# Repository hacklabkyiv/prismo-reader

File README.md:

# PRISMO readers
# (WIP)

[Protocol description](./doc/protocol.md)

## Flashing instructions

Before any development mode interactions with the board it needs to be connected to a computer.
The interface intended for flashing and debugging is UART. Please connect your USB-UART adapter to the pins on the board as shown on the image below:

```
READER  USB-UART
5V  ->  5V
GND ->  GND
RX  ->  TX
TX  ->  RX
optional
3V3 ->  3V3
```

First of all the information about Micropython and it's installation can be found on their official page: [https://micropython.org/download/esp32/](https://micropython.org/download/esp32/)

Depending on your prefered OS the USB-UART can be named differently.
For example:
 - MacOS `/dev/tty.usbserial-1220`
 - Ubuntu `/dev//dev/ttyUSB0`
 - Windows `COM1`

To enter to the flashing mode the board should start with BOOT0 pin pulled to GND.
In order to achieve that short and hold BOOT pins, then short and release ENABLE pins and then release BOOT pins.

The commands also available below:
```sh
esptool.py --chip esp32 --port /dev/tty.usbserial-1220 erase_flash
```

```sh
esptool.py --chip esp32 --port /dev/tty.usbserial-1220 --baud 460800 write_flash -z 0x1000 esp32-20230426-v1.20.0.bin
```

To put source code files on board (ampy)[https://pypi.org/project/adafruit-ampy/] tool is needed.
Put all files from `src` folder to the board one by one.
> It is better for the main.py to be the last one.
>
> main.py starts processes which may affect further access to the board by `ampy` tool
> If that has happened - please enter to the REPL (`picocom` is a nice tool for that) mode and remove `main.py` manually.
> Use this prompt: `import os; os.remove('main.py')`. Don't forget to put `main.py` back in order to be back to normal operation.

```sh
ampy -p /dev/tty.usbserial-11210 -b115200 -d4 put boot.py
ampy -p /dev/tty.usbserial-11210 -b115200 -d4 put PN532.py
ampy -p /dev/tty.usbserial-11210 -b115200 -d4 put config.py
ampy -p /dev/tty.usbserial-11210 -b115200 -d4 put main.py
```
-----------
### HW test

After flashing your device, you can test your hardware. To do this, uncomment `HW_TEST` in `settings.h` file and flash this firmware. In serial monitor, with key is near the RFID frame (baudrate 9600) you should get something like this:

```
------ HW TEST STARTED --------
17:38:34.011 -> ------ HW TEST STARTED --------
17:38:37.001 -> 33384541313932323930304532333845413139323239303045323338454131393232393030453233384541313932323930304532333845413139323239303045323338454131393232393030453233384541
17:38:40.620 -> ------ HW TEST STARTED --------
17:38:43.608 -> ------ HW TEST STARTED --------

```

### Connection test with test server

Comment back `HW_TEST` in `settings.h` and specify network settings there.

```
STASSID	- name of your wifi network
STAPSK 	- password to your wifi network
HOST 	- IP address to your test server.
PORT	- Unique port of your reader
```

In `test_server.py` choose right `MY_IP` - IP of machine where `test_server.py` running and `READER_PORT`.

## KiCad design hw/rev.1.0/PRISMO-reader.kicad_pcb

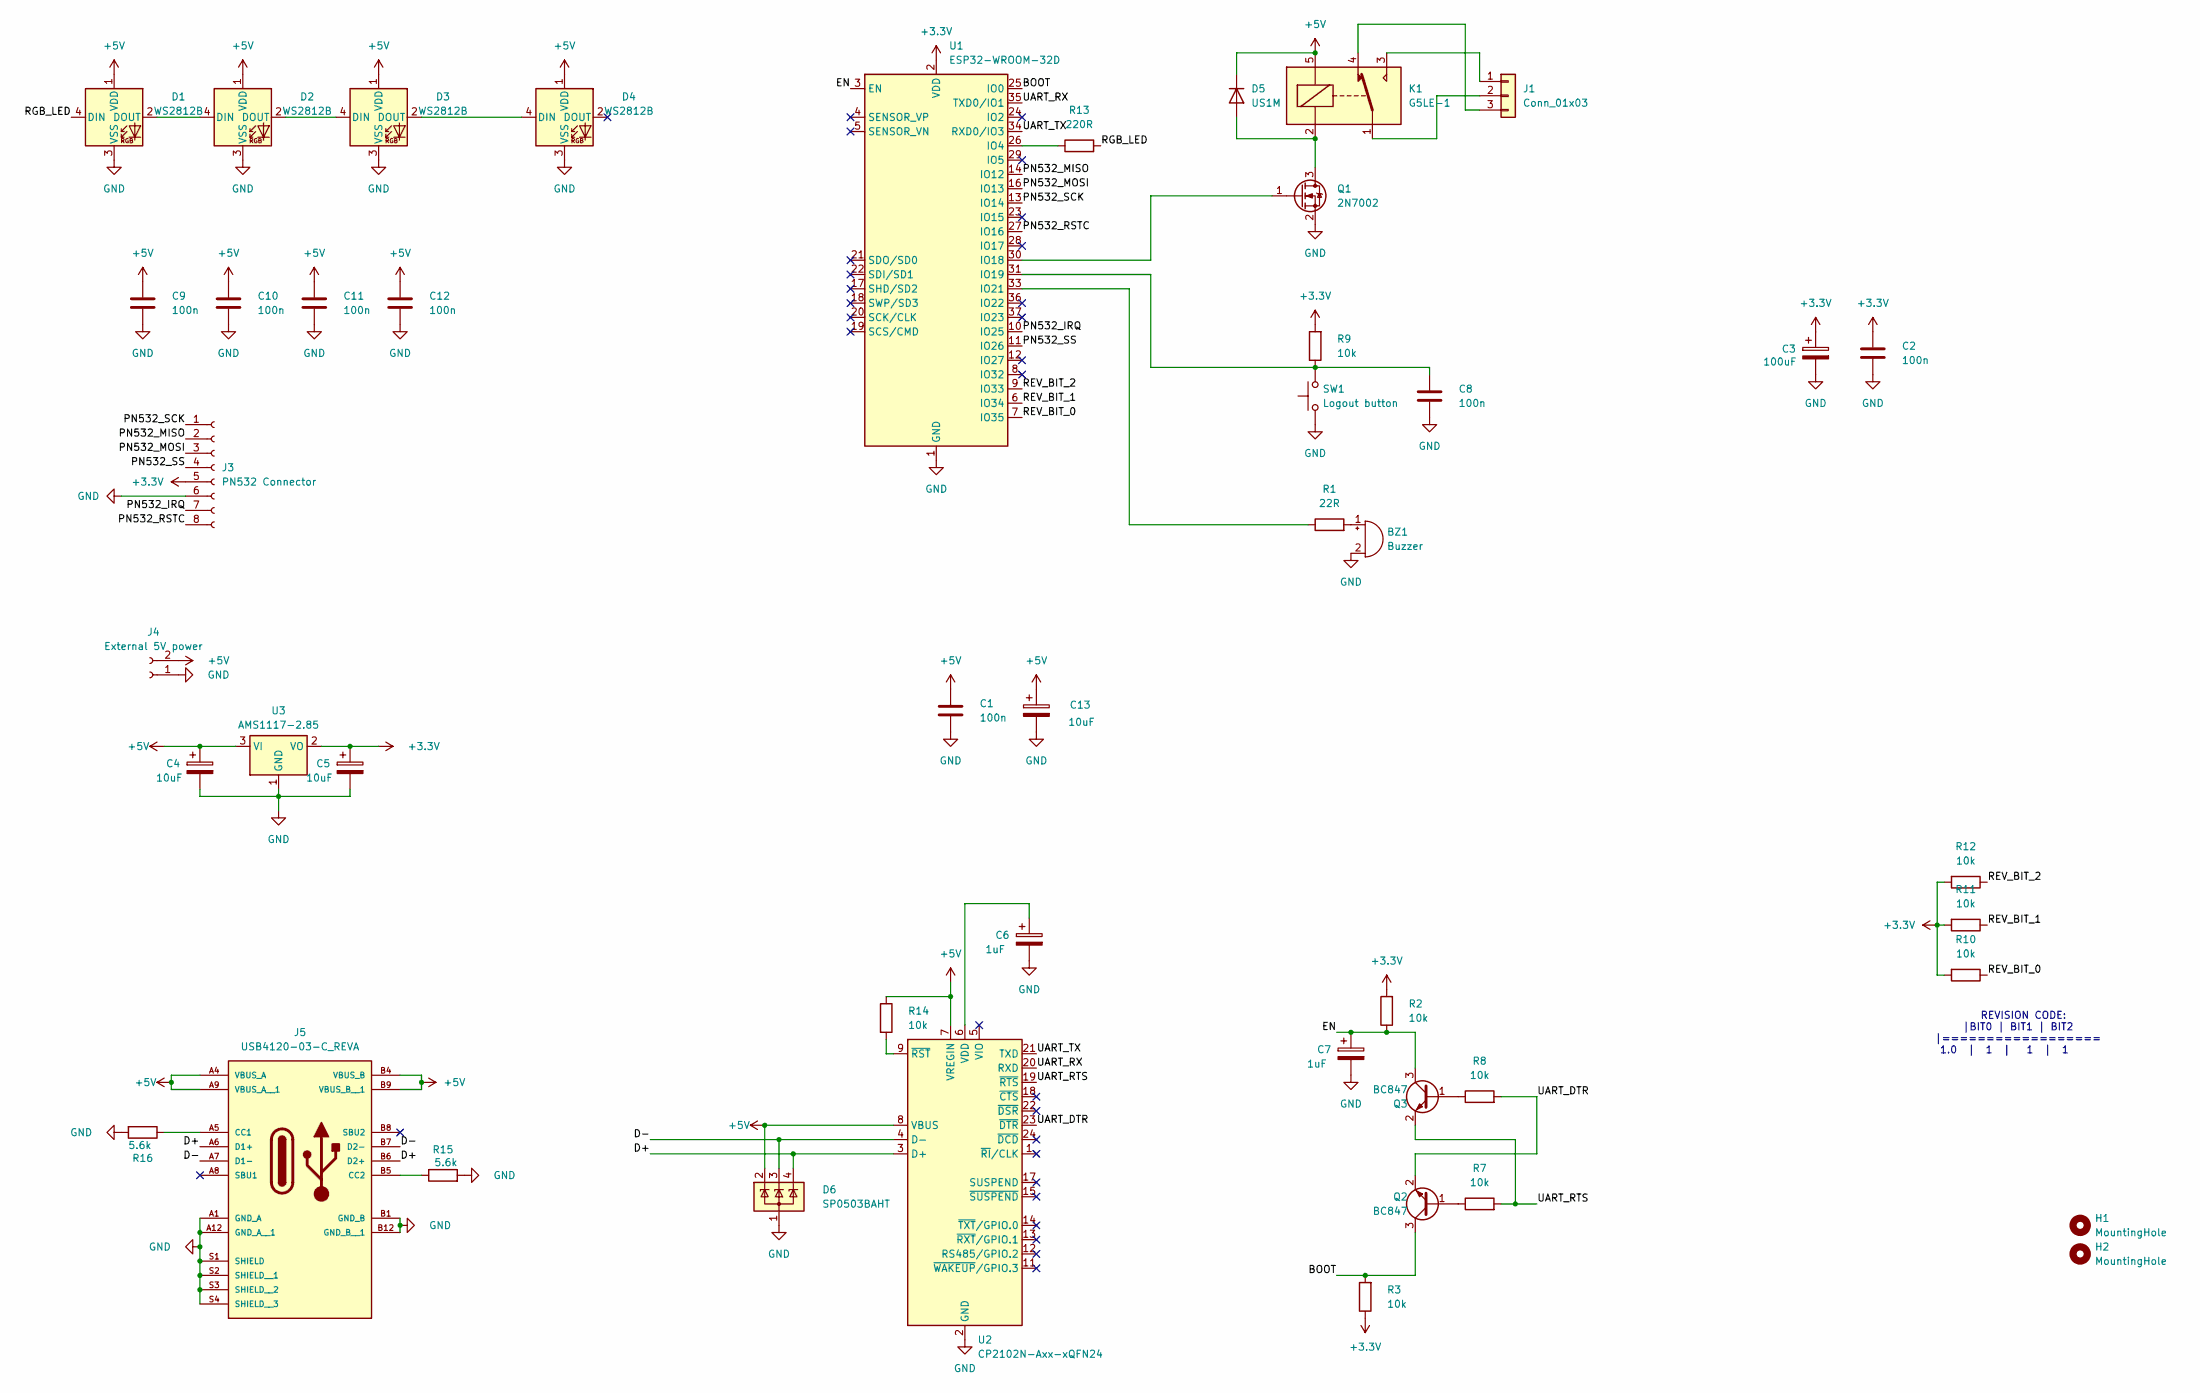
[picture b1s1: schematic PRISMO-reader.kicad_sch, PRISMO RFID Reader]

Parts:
BZ1: Buzzer; Buzzer_Murata_PKMCS0909E
C1, C2, C8, C9, C10, C11, C12: 100n; C_0805_2012Metric_Pad1.18x1.45mm_HandSolder
C3: 100uF; CP_EIA-3528-21_Kemet-B_Pad1.50x2.35mm_HandSolder
C4, C5, C13: 10uF; CP_EIA-3216-18_Kemet-A_Pad1.58x1.35mm_HandSolder
C6, C7: 1uF; C_0805_2012Metric_Pad1.18x1.45mm_HandSolder
D1, D2, D3, D4: WS2812B; LED_WS2812B_PLCC4_5.0x5.0mm_P3.2mm
D5: US1M; D_SMA
D6: SP0503BAHT; SOT-143
H1, H2: MountingHole; MountingHole_3.5mm
J1: Conn_01x03; TerminalBlock_Phoenix_PT-1,5-3-3.5-H_1x03_P3.50mm_Horizontal
J3: PN532 Connector; PinSocket_1x08_P2.54mm_Vertical_SMD_Pin1Left
J4: External 5V power; JST_XH_B2B-XH-A_1x02_P2.50mm_Vertical
J5: USB4120-03-C_REVA; GCT_USB4120-03-C_REVA
K1: G5LE-1; Relay_SPDT_Omron-G5LE-1
Q1: 2N7002; SOT-23
Q2, Q3: BC847; SOT-23
R1: 22R; R_0805_2012Metric_Pad1.20x1.40mm_HandSolder
R2, R3, R7, R8, R9, R10, R11, R12, R14: 10k; R_0805_2012Metric_Pad1.20x1.40mm_HandSolder
R13: 220R; R_0805_2012Metric_Pad1.20x1.40mm_HandSolder
R15, R16: 5.6k; R_0805_2012Metric_Pad1.20x1.40mm_HandSolder
SW1: Logout button; SW_SPST_PTS645
U1: ESP32-WROOM-32D
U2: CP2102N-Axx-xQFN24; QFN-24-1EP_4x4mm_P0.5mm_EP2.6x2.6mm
☆ ☆ ☆ ☆ ☆
> Task item: Reproduce, word for word, the lines from the one containing "IP of machine" through the final line above. Leave every picture out.

> Written response:
In `test_server.py` choose right `MY_IP` - IP of machine where `test_server.py` running and `READER_PORT`.

## KiCad design hw/rev.1.0/PRISMO-reader.kicad_pcb

[picture b1s1: schematic PRISMO-reader.kicad_sch, PRISMO RFID Reader]

Parts:
BZ1: Buzzer; Buzzer_Murata_PKMCS0909E
C1, C2, C8, C9, C10, C11, C12: 100n; C_0805_2012Metric_Pad1.18x1.45mm_HandSolder
C3: 100uF; CP_EIA-3528-21_Kemet-B_Pad1.50x2.35mm_HandSolder
C4, C5, C13: 10uF; CP_EIA-3216-18_Kemet-A_Pad1.58x1.35mm_HandSolder
C6, C7: 1uF; C_0805_2012Metric_Pad1.18x1.45mm_HandSolder
D1, D2, D3, D4: WS2812B; LED_WS2812B_PLCC4_5.0x5.0mm_P3.2mm
D5: US1M; D_SMA
D6: SP0503BAHT; SOT-143
H1, H2: MountingHole; MountingHole_3.5mm
J1: Conn_01x03; TerminalBlock_Phoenix_PT-1,5-3-3.5-H_1x03_P3.50mm_Horizontal
J3: PN532 Connector; PinSocket_1x08_P2.54mm_Vertical_SMD_Pin1Left
J4: External 5V power; JST_XH_B2B-XH-A_1x02_P2.50mm_Vertical
J5: USB4120-03-C_REVA; GCT_USB4120-03-C_REVA
K1: G5LE-1; Relay_SPDT_Omron-G5LE-1
Q1: 2N7002; SOT-23
Q2, Q3: BC847; SOT-23
R1: 22R; R_0805_2012Metric_Pad1.20x1.40mm_HandSolder
R2, R3, R7, R8, R9, R10, R11, R12, R14: 10k; R_0805_2012Metric_Pad1.20x1.40mm_HandSolder
R13: 220R; R_0805_2012Metric_Pad1.20x1.40mm_HandSolder
R15, R16: 5.6k; R_0805_2012Metric_Pad1.20x1.40mm_HandSolder
SW1: Logout button; SW_SPST_PTS645
U1: ESP32-WROOM-32D
U2: CP2102N-Axx-xQFN24; QFN-24-1EP_4x4mm_P0.5mm_EP2.6x2.6mm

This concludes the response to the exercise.